(Beginning of Data)
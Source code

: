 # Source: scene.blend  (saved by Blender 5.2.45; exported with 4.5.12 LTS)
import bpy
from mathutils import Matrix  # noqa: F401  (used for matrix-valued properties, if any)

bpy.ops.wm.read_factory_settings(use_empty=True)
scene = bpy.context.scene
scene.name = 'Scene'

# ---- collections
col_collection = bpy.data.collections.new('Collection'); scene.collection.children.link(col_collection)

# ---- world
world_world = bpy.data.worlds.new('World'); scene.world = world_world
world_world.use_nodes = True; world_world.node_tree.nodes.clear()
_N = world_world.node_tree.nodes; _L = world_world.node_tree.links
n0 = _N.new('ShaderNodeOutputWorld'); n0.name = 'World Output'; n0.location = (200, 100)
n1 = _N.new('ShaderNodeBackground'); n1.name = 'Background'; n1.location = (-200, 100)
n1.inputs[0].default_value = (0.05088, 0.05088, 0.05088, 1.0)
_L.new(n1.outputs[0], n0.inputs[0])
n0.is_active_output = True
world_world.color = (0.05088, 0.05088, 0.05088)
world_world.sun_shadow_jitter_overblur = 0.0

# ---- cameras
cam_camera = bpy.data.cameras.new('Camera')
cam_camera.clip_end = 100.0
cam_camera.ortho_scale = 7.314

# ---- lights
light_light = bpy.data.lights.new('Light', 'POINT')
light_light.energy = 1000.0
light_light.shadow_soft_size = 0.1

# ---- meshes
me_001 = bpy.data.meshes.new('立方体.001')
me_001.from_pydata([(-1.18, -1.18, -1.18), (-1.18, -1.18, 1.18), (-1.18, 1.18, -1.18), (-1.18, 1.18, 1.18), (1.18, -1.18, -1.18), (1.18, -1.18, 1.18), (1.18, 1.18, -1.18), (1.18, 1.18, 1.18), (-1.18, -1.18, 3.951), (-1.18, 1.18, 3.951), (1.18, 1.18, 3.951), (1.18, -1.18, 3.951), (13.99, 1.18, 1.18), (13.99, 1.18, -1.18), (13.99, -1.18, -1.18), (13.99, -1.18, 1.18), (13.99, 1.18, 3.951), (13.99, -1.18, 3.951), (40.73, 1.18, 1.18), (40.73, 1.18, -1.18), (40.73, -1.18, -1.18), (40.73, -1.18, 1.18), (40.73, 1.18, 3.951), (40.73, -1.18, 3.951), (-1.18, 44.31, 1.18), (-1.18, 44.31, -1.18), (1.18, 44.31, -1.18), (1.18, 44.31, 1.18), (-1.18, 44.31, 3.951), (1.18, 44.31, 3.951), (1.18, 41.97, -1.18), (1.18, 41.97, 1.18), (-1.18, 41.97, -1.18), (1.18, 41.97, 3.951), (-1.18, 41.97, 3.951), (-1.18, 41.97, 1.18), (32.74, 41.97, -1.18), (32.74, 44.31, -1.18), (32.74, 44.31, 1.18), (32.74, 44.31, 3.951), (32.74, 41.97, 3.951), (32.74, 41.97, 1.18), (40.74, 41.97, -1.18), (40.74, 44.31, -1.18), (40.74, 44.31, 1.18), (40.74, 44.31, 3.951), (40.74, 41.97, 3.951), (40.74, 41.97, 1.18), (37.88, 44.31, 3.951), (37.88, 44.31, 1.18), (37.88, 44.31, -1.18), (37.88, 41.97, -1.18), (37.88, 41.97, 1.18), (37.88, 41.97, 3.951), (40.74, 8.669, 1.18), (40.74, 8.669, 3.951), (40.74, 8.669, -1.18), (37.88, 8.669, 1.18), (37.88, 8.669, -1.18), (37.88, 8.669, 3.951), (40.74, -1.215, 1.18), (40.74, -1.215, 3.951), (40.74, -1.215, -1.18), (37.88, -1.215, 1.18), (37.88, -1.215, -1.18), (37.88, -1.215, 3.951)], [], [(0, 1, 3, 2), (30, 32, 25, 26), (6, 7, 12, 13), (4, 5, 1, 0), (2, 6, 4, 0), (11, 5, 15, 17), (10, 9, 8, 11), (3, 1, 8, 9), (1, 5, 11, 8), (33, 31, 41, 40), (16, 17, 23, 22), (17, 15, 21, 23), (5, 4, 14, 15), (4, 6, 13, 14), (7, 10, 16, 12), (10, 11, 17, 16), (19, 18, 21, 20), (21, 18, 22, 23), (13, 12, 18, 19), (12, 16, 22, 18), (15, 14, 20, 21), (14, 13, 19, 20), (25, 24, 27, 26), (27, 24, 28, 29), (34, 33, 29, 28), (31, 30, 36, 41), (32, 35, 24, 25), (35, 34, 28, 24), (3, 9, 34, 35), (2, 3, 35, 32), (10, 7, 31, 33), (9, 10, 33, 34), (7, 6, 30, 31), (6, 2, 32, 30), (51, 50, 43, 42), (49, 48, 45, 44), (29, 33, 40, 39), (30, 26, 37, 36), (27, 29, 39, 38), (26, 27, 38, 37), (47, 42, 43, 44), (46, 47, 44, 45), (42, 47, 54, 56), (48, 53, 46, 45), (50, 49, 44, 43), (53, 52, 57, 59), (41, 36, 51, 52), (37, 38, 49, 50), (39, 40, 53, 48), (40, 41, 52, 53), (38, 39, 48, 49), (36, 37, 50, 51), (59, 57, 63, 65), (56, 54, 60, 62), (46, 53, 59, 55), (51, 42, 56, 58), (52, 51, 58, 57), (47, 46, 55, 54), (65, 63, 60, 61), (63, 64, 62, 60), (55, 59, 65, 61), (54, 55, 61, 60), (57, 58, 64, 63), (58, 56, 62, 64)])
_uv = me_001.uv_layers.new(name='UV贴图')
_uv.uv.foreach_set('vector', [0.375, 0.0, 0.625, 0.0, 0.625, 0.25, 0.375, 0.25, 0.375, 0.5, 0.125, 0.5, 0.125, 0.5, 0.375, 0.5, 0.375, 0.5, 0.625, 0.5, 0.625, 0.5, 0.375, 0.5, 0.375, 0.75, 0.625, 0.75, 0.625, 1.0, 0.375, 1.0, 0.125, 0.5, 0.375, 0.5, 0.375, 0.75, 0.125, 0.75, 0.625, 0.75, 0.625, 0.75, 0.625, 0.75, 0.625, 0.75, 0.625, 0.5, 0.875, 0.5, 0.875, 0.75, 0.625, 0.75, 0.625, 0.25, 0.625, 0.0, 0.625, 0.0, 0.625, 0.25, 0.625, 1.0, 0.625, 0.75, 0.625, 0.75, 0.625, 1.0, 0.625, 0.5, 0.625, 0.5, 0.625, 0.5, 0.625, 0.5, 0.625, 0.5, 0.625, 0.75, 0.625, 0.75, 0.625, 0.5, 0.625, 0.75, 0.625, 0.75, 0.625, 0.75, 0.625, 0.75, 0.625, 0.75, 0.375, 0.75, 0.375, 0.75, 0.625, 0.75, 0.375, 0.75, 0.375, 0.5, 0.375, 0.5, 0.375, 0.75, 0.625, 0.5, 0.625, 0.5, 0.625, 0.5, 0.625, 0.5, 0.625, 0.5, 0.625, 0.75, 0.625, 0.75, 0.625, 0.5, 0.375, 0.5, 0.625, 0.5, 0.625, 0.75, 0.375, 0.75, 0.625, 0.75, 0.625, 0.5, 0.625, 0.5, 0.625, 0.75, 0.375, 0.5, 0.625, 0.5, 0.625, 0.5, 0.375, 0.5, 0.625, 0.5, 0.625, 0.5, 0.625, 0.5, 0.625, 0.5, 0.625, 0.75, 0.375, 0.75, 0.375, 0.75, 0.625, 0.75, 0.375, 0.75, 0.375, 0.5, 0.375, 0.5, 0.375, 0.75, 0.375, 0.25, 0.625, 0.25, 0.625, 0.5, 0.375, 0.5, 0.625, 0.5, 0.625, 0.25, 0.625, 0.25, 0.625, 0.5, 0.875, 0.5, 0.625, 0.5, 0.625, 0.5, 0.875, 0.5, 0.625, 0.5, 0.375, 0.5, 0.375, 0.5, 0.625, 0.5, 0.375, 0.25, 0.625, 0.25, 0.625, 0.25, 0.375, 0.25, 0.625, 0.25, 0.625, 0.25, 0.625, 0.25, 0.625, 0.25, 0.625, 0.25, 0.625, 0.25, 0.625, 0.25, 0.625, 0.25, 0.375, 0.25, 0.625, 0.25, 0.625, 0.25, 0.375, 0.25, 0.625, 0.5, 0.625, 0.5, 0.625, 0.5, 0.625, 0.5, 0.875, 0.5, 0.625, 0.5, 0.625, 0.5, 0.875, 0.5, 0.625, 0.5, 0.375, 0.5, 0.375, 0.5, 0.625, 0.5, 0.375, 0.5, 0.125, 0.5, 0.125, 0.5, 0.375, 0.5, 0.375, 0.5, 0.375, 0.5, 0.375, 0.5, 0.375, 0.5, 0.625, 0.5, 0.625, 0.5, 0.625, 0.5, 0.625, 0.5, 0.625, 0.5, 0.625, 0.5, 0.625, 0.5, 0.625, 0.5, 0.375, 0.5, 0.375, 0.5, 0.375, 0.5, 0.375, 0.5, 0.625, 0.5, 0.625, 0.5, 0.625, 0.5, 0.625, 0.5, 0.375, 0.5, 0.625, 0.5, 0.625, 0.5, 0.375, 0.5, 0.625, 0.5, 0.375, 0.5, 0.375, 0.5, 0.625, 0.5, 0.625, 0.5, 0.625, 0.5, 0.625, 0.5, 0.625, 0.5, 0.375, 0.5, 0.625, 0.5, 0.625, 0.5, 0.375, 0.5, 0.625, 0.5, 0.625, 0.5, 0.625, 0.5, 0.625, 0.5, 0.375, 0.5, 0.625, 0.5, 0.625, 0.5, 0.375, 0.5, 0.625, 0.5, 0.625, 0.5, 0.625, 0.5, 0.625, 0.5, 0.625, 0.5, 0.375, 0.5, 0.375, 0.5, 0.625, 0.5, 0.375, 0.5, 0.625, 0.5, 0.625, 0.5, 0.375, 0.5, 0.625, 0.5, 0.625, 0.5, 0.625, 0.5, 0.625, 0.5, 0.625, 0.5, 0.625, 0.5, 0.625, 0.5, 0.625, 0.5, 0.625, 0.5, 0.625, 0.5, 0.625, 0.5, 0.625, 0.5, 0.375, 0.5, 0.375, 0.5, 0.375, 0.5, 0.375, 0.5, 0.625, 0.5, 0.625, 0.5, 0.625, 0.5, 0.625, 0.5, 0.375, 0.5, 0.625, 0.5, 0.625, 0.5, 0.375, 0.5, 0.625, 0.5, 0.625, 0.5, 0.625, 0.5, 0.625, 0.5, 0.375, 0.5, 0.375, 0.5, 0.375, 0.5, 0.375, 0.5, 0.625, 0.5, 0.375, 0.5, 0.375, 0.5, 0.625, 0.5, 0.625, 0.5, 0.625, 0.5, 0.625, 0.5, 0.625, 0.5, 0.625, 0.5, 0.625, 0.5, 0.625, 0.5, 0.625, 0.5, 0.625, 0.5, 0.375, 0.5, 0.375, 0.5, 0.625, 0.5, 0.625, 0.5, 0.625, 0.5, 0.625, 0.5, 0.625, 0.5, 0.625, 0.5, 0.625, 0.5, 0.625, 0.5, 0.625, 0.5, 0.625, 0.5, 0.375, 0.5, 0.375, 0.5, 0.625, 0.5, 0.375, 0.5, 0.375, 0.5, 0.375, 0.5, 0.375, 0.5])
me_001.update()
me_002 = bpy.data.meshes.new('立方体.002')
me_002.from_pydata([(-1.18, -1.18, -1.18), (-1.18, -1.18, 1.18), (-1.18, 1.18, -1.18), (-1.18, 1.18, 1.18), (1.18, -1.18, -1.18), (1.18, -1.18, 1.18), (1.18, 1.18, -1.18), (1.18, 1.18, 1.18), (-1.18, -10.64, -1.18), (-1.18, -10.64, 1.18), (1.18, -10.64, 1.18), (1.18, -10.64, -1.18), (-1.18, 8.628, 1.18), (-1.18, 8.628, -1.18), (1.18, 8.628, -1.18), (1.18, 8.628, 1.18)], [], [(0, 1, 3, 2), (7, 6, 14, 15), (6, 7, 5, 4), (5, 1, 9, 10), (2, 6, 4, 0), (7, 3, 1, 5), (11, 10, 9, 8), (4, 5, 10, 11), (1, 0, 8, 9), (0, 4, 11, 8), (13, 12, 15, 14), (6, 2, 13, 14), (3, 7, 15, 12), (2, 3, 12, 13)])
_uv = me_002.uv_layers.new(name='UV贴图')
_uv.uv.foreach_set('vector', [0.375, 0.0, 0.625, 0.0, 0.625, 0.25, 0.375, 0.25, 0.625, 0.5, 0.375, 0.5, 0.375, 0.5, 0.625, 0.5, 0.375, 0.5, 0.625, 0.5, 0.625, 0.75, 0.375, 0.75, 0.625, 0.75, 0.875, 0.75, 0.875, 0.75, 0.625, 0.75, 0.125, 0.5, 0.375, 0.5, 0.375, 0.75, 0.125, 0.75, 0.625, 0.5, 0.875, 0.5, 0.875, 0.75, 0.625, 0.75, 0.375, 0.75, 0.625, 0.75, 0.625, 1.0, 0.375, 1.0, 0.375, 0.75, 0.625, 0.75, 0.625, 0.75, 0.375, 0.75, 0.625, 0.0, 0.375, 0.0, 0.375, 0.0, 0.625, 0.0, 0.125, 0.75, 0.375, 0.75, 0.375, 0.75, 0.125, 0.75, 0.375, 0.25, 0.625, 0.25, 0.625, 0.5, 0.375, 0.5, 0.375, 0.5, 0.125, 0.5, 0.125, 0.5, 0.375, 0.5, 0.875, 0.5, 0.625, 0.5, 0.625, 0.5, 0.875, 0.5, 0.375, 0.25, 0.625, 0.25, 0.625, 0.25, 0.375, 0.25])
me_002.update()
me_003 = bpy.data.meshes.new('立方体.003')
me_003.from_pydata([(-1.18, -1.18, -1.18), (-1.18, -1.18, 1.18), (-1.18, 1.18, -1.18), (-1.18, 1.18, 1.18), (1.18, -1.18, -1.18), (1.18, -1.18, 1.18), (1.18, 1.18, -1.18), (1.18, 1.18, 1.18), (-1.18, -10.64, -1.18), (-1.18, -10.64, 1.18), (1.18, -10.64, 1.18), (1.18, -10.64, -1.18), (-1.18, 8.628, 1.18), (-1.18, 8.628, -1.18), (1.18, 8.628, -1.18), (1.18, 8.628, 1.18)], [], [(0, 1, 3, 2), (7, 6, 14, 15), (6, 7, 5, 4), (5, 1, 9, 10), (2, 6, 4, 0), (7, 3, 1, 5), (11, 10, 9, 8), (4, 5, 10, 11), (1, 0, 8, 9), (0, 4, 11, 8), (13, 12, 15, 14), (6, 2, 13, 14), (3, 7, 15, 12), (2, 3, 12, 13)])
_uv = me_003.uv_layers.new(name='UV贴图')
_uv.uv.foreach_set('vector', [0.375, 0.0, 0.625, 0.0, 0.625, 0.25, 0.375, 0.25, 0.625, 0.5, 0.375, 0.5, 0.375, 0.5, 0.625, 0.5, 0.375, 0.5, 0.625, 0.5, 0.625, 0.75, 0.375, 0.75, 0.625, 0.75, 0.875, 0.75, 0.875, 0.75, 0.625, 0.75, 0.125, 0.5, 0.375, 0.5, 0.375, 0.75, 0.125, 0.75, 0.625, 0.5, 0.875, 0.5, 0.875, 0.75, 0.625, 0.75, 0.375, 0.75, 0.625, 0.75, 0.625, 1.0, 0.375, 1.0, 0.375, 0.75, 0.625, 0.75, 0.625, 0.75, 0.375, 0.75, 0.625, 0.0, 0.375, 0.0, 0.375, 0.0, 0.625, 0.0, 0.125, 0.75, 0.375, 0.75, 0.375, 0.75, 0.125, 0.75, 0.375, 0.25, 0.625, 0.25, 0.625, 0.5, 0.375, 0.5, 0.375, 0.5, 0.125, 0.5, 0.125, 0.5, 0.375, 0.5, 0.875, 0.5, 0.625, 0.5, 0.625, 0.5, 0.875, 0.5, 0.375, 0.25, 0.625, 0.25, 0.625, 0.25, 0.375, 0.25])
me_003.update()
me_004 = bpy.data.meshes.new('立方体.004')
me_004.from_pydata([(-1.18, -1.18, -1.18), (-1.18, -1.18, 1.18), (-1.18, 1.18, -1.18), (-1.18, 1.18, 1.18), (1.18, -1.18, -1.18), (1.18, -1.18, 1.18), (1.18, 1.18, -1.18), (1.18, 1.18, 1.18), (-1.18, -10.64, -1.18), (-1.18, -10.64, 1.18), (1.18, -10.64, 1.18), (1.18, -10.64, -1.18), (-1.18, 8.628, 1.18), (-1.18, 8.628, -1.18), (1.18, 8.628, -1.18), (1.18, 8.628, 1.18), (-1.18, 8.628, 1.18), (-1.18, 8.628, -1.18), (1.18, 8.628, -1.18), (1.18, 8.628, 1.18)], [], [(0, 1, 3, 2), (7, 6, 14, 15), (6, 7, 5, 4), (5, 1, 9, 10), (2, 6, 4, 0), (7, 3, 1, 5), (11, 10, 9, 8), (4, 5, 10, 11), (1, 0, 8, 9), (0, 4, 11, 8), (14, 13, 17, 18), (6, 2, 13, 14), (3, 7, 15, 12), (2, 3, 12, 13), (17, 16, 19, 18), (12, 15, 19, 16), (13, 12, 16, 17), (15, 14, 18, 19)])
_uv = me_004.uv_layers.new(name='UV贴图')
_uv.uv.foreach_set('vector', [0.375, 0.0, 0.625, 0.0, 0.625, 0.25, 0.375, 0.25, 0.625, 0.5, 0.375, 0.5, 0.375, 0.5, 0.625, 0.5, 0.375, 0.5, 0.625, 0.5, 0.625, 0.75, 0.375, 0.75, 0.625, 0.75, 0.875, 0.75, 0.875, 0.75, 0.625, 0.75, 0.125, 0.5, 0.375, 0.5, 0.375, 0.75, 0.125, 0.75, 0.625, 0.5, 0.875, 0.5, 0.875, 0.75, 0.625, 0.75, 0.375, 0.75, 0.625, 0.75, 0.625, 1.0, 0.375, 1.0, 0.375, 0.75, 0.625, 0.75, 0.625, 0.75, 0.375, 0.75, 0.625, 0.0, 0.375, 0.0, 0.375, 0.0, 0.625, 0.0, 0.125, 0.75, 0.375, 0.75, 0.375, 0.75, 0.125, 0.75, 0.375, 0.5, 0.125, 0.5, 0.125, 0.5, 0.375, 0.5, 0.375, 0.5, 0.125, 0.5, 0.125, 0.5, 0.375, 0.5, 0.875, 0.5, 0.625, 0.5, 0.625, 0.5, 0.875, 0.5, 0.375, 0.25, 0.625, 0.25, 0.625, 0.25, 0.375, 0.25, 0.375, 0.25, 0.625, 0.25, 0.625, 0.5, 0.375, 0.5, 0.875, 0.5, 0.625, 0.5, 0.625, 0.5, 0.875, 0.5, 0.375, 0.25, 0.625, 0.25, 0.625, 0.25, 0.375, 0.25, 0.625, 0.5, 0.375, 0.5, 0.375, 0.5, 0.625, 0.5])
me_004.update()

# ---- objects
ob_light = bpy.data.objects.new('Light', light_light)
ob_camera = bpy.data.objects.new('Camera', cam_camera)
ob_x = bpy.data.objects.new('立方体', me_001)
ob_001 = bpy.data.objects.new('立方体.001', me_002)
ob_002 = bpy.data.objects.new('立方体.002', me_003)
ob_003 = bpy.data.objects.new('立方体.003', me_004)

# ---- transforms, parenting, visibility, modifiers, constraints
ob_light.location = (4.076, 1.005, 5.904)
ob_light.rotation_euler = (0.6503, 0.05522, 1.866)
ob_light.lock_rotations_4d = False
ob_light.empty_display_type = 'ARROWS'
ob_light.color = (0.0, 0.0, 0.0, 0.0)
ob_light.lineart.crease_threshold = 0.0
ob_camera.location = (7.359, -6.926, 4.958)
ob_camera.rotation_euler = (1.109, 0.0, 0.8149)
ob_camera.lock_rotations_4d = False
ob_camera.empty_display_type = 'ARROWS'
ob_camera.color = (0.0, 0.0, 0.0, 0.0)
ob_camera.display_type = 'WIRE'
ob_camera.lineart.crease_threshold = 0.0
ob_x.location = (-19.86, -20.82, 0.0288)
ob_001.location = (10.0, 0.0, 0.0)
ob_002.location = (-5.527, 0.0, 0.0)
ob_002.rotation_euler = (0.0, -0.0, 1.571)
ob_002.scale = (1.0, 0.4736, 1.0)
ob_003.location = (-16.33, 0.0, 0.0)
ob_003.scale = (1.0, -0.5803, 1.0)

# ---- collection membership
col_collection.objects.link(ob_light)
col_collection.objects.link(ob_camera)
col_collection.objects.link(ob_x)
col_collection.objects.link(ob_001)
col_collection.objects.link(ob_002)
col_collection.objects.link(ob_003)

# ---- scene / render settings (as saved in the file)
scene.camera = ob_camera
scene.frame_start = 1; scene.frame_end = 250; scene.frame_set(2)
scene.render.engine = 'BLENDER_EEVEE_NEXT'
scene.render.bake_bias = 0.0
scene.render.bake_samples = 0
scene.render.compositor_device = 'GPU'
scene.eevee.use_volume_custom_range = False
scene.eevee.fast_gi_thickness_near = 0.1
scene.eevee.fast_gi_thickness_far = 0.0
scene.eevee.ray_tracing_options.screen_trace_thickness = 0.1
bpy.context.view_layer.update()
(End of Data)
◆ Work order:
Pick out, from the lines above, every one that contains the string "UV贴图".

◆ Output for this exercise:
_uv = me_001.uv_layers.new(name='UV贴图')
_uv = me_002.uv_layers.new(name='UV贴图')
_uv = me_003.uv_layers.new(name='UV贴图')
_uv = me_004.uv_layers.new(name='UV贴图')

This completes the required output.